Stored data entries
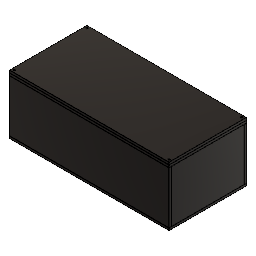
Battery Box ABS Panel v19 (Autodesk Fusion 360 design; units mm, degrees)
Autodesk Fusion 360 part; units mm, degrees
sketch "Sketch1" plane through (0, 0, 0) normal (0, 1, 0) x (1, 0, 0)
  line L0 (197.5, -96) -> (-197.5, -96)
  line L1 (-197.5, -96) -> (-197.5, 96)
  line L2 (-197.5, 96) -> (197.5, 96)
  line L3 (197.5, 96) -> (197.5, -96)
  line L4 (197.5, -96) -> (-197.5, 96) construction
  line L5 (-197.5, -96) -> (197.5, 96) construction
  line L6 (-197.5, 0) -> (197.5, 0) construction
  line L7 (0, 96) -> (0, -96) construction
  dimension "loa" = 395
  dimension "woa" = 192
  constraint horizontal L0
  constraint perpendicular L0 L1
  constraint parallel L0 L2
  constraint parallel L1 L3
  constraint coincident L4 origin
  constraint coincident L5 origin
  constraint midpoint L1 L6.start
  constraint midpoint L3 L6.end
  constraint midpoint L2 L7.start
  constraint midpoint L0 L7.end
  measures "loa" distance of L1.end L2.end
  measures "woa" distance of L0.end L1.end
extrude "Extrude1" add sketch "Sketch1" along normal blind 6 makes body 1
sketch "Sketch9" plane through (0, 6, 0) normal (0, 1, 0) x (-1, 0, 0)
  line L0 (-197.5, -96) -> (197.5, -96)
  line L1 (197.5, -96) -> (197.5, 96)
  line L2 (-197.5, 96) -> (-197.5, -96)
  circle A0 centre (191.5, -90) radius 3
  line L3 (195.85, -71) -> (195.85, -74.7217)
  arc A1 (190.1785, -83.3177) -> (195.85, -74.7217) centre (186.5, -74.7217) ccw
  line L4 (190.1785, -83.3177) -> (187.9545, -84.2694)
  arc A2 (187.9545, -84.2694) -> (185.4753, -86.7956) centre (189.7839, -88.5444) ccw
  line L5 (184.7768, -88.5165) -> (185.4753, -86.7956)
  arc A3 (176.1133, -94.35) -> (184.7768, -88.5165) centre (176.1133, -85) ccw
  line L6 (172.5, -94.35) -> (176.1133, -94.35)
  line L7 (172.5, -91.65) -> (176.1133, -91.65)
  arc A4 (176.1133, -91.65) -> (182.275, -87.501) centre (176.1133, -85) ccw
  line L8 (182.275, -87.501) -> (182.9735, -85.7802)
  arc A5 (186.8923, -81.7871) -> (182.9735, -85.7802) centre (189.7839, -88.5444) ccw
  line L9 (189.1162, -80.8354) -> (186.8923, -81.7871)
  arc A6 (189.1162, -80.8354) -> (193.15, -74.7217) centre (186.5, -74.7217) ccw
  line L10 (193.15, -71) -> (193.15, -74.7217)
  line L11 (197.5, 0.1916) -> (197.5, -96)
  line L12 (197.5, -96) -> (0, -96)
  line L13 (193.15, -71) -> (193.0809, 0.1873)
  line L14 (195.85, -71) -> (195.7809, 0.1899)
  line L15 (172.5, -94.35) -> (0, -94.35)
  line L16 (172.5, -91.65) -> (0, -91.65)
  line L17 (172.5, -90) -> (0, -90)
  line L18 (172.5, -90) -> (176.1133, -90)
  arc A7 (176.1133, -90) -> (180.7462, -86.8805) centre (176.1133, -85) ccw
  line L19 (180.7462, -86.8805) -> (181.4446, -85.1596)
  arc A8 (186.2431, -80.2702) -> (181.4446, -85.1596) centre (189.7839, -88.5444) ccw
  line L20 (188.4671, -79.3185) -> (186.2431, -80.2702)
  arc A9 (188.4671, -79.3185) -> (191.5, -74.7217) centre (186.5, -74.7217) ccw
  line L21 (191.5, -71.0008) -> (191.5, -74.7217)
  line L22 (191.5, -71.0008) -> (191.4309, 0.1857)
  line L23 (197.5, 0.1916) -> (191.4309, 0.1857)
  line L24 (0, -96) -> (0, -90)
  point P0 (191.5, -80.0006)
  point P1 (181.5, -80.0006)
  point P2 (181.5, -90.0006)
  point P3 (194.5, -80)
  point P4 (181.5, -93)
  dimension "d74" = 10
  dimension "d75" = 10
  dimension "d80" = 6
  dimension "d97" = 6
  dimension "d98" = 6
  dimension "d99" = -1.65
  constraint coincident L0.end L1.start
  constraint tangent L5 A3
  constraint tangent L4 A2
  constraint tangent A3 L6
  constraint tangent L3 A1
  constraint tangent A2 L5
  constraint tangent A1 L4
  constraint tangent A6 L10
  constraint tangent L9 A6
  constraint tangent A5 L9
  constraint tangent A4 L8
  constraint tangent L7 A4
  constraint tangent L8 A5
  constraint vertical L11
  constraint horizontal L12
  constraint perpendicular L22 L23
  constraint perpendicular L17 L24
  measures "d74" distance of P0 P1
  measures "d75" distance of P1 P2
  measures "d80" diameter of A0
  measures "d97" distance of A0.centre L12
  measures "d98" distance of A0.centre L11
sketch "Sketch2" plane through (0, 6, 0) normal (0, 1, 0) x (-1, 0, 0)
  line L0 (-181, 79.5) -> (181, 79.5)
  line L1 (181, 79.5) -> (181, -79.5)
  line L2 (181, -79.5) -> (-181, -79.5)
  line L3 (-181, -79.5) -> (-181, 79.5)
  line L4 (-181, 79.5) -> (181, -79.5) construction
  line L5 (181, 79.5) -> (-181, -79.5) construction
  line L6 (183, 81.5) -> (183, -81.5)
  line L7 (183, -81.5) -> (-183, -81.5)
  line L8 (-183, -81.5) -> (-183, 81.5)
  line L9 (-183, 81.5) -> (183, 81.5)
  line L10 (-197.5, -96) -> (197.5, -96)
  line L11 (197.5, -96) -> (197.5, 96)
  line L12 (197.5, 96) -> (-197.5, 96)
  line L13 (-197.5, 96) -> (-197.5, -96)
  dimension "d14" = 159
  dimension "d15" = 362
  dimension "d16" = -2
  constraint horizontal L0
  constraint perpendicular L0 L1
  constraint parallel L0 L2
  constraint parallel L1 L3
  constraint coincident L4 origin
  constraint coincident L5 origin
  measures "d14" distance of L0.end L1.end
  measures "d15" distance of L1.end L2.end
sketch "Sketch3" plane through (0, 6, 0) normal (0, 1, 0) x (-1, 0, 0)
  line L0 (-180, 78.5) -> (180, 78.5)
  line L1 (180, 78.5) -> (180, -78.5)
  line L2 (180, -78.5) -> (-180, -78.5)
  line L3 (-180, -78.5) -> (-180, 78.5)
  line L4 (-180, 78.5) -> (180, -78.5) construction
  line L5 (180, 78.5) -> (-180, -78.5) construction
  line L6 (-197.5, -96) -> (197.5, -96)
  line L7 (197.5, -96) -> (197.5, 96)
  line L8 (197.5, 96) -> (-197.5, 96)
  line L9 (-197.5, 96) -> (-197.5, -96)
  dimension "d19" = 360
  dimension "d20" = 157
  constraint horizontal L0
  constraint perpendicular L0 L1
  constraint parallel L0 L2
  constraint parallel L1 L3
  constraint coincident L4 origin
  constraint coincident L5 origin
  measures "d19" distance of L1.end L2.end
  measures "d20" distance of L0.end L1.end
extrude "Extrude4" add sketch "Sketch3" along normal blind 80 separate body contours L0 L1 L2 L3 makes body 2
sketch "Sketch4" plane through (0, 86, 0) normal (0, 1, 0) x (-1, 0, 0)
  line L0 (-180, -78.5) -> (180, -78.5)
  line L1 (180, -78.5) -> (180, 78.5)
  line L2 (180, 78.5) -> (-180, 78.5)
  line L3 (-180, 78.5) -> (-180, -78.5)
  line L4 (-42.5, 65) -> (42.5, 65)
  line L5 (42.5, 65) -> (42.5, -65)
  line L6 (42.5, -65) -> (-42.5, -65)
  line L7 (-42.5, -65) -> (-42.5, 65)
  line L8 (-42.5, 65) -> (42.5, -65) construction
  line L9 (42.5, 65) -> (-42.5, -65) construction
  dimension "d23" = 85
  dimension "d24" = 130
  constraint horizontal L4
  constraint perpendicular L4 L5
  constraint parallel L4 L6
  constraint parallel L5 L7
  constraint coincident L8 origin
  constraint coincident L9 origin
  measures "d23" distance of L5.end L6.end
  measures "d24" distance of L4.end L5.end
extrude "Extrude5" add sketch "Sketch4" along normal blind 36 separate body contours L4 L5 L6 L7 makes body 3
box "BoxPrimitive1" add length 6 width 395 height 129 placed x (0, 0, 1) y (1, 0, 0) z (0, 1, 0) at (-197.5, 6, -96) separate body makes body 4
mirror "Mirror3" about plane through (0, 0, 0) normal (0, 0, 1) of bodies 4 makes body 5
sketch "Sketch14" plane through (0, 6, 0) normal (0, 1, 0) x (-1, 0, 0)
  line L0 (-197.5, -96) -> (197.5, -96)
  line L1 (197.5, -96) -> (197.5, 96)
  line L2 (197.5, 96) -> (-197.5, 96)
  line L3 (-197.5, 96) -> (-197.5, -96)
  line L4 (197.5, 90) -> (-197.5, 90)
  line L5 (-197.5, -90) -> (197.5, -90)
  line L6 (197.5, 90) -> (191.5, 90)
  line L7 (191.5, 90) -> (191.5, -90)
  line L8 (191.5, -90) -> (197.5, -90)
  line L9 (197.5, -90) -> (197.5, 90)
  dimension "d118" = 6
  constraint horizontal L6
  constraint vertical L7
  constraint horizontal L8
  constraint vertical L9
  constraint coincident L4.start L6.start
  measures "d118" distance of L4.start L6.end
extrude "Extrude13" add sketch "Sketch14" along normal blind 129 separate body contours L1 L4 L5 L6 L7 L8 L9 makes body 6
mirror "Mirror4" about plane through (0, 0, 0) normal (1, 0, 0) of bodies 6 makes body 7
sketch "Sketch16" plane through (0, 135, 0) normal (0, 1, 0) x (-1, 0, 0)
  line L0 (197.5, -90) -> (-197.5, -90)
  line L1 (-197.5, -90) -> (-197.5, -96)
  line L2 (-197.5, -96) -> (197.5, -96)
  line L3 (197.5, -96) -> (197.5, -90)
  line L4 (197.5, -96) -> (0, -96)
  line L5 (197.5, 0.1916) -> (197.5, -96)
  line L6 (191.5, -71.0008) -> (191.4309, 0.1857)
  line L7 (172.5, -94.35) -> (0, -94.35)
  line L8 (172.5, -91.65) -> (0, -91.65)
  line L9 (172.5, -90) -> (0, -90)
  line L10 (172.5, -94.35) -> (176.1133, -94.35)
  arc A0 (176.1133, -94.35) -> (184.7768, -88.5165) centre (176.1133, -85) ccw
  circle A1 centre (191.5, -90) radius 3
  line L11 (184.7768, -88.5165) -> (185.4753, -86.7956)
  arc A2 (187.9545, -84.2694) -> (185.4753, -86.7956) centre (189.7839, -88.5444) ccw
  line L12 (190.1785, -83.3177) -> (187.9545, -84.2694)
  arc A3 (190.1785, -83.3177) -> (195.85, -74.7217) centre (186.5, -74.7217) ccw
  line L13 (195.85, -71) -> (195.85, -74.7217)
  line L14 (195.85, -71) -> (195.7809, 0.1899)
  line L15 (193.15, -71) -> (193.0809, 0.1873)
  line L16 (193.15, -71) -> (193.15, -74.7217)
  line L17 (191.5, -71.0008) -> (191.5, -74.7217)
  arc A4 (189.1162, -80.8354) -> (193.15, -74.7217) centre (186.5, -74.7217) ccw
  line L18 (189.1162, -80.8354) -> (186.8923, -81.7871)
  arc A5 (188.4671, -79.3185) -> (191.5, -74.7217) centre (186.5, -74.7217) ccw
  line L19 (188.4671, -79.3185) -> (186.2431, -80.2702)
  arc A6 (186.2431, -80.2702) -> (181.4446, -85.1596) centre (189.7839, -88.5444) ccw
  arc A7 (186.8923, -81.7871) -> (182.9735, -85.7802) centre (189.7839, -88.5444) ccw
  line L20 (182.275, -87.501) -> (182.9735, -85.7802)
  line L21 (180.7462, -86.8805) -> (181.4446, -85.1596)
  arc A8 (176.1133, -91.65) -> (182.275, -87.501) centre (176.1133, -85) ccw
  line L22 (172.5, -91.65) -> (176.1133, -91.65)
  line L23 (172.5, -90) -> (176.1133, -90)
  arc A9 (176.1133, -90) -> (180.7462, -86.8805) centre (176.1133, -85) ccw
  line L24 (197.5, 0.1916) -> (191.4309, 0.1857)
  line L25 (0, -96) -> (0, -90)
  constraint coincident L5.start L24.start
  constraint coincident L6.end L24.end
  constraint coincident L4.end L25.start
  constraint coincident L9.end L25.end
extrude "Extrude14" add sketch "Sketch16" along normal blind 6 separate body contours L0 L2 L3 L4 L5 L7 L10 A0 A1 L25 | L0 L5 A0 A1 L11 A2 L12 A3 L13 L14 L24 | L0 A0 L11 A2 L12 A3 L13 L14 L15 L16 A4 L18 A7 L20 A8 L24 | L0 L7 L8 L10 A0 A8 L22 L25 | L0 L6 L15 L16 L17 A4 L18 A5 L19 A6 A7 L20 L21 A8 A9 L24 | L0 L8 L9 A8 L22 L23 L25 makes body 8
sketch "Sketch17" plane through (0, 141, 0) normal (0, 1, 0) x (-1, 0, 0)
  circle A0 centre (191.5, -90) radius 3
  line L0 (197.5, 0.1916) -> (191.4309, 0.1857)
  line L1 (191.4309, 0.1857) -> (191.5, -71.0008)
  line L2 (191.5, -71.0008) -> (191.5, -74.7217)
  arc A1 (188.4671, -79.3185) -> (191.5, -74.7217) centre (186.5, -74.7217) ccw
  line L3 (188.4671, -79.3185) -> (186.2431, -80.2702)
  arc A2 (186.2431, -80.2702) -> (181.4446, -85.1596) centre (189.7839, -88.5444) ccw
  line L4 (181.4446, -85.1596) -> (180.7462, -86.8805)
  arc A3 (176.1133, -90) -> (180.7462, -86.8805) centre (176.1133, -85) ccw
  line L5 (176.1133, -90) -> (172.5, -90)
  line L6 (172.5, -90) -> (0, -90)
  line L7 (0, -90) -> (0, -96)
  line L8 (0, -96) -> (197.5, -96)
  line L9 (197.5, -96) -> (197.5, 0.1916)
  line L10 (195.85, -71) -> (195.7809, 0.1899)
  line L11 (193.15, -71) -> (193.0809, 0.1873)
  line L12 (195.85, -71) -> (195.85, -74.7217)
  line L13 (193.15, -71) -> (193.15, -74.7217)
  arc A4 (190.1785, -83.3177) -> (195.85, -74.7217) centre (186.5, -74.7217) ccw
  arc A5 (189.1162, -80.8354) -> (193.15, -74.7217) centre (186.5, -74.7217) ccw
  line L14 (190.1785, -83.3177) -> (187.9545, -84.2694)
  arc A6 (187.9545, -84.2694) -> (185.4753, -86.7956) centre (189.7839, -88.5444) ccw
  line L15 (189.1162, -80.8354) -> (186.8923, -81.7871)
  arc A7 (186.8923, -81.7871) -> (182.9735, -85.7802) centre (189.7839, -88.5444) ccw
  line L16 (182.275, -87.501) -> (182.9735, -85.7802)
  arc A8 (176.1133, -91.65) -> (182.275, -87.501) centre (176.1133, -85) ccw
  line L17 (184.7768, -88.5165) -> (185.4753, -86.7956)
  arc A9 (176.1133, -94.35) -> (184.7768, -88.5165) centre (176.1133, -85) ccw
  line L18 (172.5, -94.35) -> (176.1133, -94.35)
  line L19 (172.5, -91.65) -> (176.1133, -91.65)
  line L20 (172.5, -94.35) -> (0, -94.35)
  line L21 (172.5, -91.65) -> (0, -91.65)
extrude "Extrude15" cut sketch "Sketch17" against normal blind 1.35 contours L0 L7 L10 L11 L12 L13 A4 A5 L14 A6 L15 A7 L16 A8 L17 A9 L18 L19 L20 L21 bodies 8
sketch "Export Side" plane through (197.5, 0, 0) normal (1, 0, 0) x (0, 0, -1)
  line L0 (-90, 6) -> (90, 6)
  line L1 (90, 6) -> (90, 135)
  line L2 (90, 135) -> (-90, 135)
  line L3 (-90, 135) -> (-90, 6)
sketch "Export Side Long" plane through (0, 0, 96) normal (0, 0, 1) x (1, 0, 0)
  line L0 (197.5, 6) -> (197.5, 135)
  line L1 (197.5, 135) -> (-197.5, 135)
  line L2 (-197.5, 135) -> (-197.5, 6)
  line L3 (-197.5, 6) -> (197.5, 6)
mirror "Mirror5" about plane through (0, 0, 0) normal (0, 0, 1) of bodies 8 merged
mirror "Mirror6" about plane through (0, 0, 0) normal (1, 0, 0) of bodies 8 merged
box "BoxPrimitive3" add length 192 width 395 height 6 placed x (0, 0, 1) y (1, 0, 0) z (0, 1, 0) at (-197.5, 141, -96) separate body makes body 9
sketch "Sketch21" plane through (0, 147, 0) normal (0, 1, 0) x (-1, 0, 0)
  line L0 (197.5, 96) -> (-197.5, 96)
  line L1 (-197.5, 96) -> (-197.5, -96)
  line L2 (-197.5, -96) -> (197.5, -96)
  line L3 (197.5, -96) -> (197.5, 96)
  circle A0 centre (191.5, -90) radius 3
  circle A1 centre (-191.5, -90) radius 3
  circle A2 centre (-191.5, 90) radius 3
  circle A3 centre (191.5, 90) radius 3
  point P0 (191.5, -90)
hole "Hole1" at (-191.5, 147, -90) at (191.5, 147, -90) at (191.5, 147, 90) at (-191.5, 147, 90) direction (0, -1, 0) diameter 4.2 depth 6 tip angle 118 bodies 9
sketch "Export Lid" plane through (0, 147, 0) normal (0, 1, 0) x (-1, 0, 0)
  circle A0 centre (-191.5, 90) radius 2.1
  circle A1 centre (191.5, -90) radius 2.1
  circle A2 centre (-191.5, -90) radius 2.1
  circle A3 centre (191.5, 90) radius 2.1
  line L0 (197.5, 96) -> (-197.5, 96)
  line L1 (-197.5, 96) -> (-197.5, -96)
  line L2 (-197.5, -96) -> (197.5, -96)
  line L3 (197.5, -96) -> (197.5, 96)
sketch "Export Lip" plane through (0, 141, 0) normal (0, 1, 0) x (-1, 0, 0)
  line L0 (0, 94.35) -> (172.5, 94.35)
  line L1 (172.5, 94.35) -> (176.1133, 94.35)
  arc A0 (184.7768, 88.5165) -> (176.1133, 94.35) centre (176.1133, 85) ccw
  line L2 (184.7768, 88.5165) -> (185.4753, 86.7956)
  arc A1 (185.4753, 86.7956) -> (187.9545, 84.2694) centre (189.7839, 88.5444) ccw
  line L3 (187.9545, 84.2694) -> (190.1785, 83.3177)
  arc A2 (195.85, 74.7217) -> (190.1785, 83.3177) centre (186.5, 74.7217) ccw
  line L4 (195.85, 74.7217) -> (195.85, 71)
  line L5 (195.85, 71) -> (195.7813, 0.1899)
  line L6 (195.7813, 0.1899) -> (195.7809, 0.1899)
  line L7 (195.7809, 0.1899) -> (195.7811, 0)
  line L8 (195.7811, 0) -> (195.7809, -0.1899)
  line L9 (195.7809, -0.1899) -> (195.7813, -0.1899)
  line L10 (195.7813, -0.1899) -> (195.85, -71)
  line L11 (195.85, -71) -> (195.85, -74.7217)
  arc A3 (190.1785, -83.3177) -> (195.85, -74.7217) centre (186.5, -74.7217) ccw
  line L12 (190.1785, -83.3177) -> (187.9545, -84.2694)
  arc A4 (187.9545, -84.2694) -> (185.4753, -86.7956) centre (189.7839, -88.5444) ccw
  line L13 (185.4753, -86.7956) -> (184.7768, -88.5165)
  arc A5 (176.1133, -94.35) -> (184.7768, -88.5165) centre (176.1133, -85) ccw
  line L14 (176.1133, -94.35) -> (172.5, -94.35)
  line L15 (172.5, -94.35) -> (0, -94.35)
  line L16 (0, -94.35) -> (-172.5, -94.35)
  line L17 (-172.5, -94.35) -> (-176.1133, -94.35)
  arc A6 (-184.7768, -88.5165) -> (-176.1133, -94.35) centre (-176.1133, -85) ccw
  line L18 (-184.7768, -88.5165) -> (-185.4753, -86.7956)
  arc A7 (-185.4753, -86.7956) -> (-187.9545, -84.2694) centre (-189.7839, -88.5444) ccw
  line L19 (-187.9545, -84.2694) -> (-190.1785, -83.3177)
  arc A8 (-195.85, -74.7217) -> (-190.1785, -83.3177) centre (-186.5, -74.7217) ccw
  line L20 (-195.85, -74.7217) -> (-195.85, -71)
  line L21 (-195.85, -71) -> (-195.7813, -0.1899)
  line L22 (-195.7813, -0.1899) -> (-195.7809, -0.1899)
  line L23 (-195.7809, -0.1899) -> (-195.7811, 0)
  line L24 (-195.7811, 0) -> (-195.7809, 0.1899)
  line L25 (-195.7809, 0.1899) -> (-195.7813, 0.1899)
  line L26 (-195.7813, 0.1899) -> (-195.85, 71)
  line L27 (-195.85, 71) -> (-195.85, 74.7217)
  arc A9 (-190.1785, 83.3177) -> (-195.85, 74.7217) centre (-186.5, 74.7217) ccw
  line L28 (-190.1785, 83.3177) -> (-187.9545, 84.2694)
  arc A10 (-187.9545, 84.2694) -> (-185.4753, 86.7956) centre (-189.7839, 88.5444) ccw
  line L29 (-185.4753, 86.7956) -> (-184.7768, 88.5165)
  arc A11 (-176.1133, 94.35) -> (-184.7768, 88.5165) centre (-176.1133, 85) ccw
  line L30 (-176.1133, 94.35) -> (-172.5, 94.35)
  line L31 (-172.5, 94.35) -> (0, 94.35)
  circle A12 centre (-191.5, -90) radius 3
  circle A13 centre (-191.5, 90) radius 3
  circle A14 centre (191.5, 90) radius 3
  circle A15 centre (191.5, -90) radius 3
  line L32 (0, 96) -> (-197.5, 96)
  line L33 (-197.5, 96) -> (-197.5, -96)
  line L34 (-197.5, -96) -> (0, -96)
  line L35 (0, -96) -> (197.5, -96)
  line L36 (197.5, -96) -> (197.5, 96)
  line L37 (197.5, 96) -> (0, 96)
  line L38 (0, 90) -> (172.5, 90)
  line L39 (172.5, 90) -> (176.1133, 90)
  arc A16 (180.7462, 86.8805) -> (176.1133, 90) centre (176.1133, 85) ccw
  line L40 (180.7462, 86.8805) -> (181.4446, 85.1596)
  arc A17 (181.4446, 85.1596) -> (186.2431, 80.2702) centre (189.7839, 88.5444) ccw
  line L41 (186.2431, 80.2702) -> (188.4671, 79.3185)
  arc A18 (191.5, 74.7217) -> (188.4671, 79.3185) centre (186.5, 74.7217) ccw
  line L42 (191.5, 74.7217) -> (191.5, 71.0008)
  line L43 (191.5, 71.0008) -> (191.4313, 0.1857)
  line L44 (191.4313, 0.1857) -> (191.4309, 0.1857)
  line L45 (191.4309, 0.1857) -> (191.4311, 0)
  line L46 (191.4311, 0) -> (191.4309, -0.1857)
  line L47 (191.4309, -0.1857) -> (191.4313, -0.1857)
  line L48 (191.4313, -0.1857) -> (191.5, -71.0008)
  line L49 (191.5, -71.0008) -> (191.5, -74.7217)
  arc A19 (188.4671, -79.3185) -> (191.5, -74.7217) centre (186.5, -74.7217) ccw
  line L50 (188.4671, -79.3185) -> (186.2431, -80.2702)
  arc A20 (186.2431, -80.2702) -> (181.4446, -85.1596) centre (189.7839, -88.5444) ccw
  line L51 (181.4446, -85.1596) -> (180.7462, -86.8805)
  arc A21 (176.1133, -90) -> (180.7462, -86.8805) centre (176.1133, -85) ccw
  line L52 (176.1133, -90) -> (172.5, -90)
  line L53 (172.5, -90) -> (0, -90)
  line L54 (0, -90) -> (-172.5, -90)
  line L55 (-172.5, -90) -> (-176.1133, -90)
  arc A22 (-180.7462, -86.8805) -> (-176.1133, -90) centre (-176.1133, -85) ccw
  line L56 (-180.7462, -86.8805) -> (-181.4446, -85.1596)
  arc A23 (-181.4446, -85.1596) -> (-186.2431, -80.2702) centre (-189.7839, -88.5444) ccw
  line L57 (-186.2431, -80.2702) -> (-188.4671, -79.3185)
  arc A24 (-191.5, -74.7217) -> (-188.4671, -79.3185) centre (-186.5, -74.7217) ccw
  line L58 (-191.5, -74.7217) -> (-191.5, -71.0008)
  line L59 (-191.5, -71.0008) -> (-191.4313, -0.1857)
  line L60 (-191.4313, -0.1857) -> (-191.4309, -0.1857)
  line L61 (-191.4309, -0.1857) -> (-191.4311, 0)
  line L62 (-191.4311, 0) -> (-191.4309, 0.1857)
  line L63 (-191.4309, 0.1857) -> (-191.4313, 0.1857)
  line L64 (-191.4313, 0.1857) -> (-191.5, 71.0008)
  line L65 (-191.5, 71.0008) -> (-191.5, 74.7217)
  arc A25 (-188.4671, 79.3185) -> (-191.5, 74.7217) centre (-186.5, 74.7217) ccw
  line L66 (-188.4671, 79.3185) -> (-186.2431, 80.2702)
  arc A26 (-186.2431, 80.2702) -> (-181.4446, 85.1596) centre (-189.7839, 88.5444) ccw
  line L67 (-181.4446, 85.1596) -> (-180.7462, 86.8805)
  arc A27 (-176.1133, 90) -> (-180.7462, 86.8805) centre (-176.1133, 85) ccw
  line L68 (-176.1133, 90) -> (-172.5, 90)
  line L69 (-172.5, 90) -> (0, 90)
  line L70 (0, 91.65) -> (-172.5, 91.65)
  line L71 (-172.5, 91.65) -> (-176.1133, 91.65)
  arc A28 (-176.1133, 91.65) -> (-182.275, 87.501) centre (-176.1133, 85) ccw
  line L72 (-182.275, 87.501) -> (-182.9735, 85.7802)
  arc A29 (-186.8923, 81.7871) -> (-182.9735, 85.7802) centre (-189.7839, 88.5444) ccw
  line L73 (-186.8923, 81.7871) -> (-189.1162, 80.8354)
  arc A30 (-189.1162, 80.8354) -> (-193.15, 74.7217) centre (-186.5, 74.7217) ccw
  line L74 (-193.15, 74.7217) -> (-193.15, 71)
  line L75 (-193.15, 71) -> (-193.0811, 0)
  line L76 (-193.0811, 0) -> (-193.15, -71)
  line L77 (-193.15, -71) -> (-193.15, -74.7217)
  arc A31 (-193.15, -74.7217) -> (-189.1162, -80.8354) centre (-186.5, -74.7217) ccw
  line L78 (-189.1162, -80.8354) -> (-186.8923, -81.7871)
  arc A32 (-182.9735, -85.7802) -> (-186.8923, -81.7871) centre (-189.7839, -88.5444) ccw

**EXERCISE AIM:** Taking the records above as input, show every line in which the word "midpoint" is present.

**ANSWER SPACE:**
  constraint midpoint L1 L6.start
  constraint midpoint L3 L6.end
  constraint midpoint L2 L7.start
  constraint midpoint L0 L7.end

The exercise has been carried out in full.